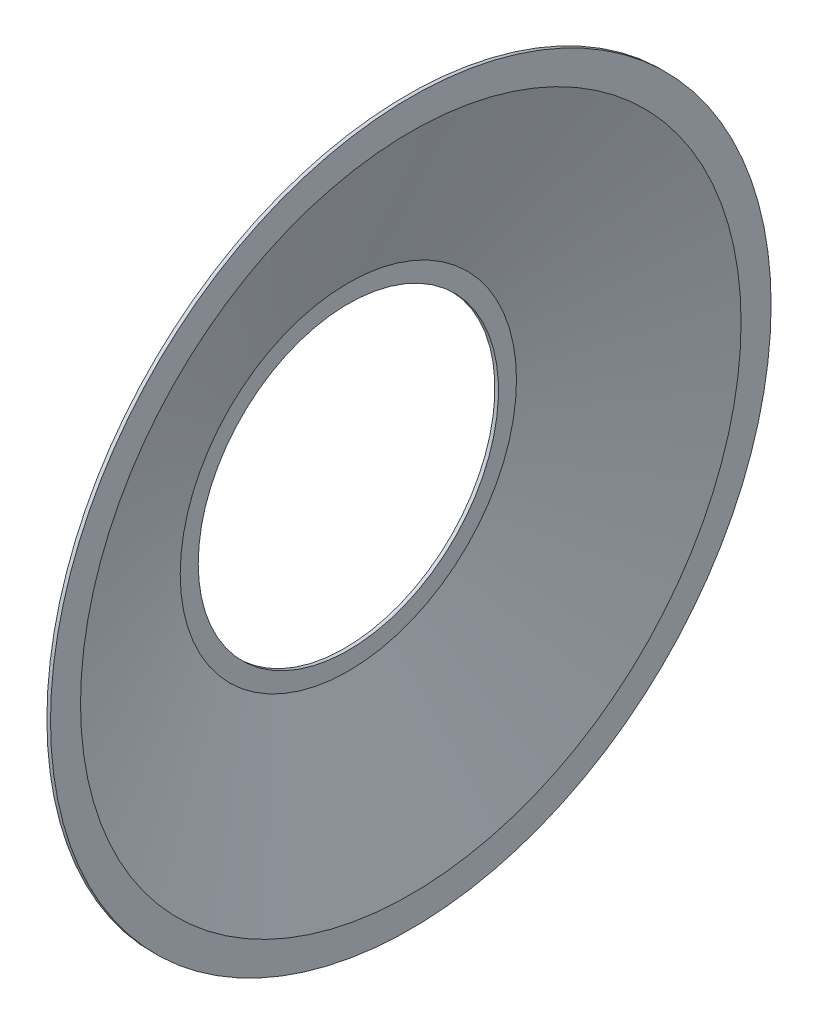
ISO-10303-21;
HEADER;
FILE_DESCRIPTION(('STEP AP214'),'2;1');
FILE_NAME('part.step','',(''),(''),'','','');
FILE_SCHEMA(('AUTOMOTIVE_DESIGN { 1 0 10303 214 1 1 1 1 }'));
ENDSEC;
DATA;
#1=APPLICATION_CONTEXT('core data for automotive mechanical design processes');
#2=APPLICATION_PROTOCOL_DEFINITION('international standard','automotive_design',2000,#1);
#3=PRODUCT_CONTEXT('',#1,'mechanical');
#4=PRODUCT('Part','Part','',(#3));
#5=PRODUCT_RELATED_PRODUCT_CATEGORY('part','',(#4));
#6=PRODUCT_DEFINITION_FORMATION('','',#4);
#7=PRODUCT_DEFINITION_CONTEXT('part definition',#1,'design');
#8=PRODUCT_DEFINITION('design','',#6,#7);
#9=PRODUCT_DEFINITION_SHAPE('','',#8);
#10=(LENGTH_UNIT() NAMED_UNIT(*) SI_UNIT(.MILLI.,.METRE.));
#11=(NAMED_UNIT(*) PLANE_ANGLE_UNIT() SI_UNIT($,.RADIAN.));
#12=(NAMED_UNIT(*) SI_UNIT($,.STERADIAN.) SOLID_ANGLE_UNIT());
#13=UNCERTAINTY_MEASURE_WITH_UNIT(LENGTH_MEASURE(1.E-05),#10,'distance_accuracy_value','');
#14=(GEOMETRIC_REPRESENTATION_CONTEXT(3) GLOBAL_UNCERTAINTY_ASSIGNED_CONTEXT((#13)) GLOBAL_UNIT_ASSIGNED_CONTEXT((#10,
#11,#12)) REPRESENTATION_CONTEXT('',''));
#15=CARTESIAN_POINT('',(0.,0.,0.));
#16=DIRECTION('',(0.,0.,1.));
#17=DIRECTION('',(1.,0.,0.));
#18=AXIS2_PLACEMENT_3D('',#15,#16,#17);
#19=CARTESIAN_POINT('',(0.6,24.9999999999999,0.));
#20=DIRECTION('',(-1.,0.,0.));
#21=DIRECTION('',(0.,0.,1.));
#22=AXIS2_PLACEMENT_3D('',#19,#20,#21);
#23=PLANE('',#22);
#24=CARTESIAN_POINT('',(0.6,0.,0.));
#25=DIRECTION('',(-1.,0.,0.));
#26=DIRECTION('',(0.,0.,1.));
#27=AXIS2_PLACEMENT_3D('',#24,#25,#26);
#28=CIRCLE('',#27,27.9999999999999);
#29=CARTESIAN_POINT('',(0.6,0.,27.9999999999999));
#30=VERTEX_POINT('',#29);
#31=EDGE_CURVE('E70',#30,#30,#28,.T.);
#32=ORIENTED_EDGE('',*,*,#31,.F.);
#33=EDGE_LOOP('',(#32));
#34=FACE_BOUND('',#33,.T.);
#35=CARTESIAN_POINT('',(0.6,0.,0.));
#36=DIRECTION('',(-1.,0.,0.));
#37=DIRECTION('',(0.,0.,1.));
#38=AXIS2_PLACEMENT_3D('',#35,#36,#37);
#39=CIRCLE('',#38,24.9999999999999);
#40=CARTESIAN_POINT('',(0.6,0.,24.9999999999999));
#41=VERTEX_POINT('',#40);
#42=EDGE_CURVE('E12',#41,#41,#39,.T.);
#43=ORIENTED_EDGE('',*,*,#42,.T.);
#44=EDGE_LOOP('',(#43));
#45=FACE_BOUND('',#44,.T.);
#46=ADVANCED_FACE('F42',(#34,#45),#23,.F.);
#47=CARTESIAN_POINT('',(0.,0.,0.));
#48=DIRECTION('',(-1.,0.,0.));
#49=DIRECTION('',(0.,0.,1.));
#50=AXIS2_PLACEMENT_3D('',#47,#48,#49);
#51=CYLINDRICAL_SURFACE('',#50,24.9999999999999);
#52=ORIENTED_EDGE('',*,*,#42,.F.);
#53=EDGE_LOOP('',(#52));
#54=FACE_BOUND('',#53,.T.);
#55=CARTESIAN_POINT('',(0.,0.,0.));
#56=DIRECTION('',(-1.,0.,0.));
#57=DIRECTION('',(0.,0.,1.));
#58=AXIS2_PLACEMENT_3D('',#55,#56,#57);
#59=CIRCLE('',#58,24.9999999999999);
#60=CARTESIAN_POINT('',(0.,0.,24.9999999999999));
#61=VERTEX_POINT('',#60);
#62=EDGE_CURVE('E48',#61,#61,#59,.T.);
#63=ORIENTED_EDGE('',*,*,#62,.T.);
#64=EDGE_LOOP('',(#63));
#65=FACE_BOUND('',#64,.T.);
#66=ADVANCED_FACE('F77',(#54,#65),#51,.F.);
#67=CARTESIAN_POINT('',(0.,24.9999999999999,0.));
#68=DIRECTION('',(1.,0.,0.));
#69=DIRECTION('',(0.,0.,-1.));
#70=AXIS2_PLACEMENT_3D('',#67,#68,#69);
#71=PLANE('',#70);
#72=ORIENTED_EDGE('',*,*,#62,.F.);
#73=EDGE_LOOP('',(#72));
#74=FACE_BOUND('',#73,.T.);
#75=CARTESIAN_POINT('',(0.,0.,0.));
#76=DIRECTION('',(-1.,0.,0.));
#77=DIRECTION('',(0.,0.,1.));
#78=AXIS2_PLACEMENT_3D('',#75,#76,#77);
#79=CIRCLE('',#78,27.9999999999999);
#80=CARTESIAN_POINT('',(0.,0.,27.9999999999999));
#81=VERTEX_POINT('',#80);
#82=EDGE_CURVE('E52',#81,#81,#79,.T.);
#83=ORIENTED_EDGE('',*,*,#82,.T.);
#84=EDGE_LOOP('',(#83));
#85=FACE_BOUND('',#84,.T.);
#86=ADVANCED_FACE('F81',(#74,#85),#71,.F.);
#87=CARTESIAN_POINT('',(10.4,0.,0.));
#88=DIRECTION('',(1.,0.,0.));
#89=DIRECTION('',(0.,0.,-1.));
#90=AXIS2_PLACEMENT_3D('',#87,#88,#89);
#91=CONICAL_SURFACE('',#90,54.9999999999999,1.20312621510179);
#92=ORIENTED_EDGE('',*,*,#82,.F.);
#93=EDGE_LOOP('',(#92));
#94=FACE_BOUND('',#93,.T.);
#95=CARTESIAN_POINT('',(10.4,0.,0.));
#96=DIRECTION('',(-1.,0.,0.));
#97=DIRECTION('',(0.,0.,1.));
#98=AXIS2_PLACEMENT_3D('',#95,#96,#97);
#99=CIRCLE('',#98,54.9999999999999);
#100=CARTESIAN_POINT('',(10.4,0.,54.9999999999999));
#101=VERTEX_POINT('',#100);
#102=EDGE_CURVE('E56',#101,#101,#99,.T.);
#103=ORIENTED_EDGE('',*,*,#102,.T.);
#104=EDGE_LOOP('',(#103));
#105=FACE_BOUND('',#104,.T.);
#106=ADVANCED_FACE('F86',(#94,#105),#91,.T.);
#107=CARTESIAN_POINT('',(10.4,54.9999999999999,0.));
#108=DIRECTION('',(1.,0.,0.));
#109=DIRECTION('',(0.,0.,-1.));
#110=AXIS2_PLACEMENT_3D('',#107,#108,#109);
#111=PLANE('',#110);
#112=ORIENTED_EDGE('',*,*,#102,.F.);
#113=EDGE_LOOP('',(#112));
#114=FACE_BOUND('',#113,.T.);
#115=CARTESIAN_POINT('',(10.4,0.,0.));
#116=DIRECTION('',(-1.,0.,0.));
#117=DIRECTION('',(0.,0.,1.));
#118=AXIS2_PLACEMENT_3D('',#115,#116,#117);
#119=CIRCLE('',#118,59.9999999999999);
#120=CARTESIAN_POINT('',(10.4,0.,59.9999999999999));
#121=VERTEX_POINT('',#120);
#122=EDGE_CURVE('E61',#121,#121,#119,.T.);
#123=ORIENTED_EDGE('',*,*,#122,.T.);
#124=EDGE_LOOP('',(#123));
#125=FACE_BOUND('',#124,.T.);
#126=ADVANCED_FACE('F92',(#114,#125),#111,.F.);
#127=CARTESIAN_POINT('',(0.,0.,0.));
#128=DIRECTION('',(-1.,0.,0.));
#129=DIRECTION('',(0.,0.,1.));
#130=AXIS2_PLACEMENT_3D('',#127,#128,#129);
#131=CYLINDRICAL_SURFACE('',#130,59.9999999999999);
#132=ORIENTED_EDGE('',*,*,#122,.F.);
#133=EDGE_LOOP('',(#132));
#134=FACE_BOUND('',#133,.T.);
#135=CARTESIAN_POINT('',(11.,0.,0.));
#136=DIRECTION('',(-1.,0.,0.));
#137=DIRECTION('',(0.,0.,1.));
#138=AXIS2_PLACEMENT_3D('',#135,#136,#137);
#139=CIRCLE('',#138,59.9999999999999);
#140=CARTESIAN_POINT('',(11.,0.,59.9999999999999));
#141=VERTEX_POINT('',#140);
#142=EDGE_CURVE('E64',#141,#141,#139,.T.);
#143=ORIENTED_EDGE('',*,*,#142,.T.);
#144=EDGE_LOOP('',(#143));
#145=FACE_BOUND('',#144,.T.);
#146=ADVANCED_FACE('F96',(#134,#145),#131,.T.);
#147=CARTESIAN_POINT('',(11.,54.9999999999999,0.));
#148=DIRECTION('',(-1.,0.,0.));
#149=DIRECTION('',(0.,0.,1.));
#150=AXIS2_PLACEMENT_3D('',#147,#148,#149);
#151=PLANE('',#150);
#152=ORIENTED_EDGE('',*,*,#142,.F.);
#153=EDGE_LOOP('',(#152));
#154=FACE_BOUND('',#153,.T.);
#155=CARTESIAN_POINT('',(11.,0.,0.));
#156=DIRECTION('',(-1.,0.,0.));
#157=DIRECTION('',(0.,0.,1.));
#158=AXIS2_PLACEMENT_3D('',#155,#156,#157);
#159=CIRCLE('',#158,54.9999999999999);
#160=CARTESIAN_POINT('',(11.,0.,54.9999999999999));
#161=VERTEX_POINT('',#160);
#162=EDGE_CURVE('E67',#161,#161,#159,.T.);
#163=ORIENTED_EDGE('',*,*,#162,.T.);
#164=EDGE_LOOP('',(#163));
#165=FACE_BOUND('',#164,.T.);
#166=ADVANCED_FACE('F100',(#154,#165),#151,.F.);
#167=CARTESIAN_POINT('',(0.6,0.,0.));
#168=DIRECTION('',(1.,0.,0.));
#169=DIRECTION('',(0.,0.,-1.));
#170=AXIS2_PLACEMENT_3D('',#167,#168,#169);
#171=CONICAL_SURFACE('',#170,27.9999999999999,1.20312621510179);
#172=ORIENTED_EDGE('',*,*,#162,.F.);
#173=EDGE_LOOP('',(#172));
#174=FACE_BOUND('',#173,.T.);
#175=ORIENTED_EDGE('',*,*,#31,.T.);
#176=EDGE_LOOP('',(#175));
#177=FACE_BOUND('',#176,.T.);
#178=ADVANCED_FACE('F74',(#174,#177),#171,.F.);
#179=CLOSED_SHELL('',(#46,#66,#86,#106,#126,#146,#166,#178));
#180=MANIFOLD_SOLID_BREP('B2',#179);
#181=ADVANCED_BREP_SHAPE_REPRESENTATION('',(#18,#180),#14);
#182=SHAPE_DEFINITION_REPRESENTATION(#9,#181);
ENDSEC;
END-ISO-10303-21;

____

» **Work task**: Ending at the line with "#10=(LENGTH_UNIT() NAMED_UNIT(*) SI_UNIT(.MILLI.,.METRE.));", reproduce exactly the lines that begin at the top of the data, and include no pictures.

» **Solution below**:
ISO-10303-21;
HEADER;
FILE_DESCRIPTION(('STEP AP214'),'2;1');
FILE_NAME('part.step','',(''),(''),'','','');
FILE_SCHEMA(('AUTOMOTIVE_DESIGN { 1 0 10303 214 1 1 1 1 }'));
ENDSEC;
DATA;
#1=APPLICATION_CONTEXT('core data for automotive mechanical design processes');
#2=APPLICATION_PROTOCOL_DEFINITION('international standard','automotive_design',2000,#1);
#3=PRODUCT_CONTEXT('',#1,'mechanical');
#4=PRODUCT('Part','Part','',(#3));
#5=PRODUCT_RELATED_PRODUCT_CATEGORY('part','',(#4));
#6=PRODUCT_DEFINITION_FORMATION('','',#4);
#7=PRODUCT_DEFINITION_CONTEXT('part definition',#1,'design');
#8=PRODUCT_DEFINITION('design','',#6,#7);
#9=PRODUCT_DEFINITION_SHAPE('','',#8);
#10=(LENGTH_UNIT() NAMED_UNIT(*) SI_UNIT(.MILLI.,.METRE.));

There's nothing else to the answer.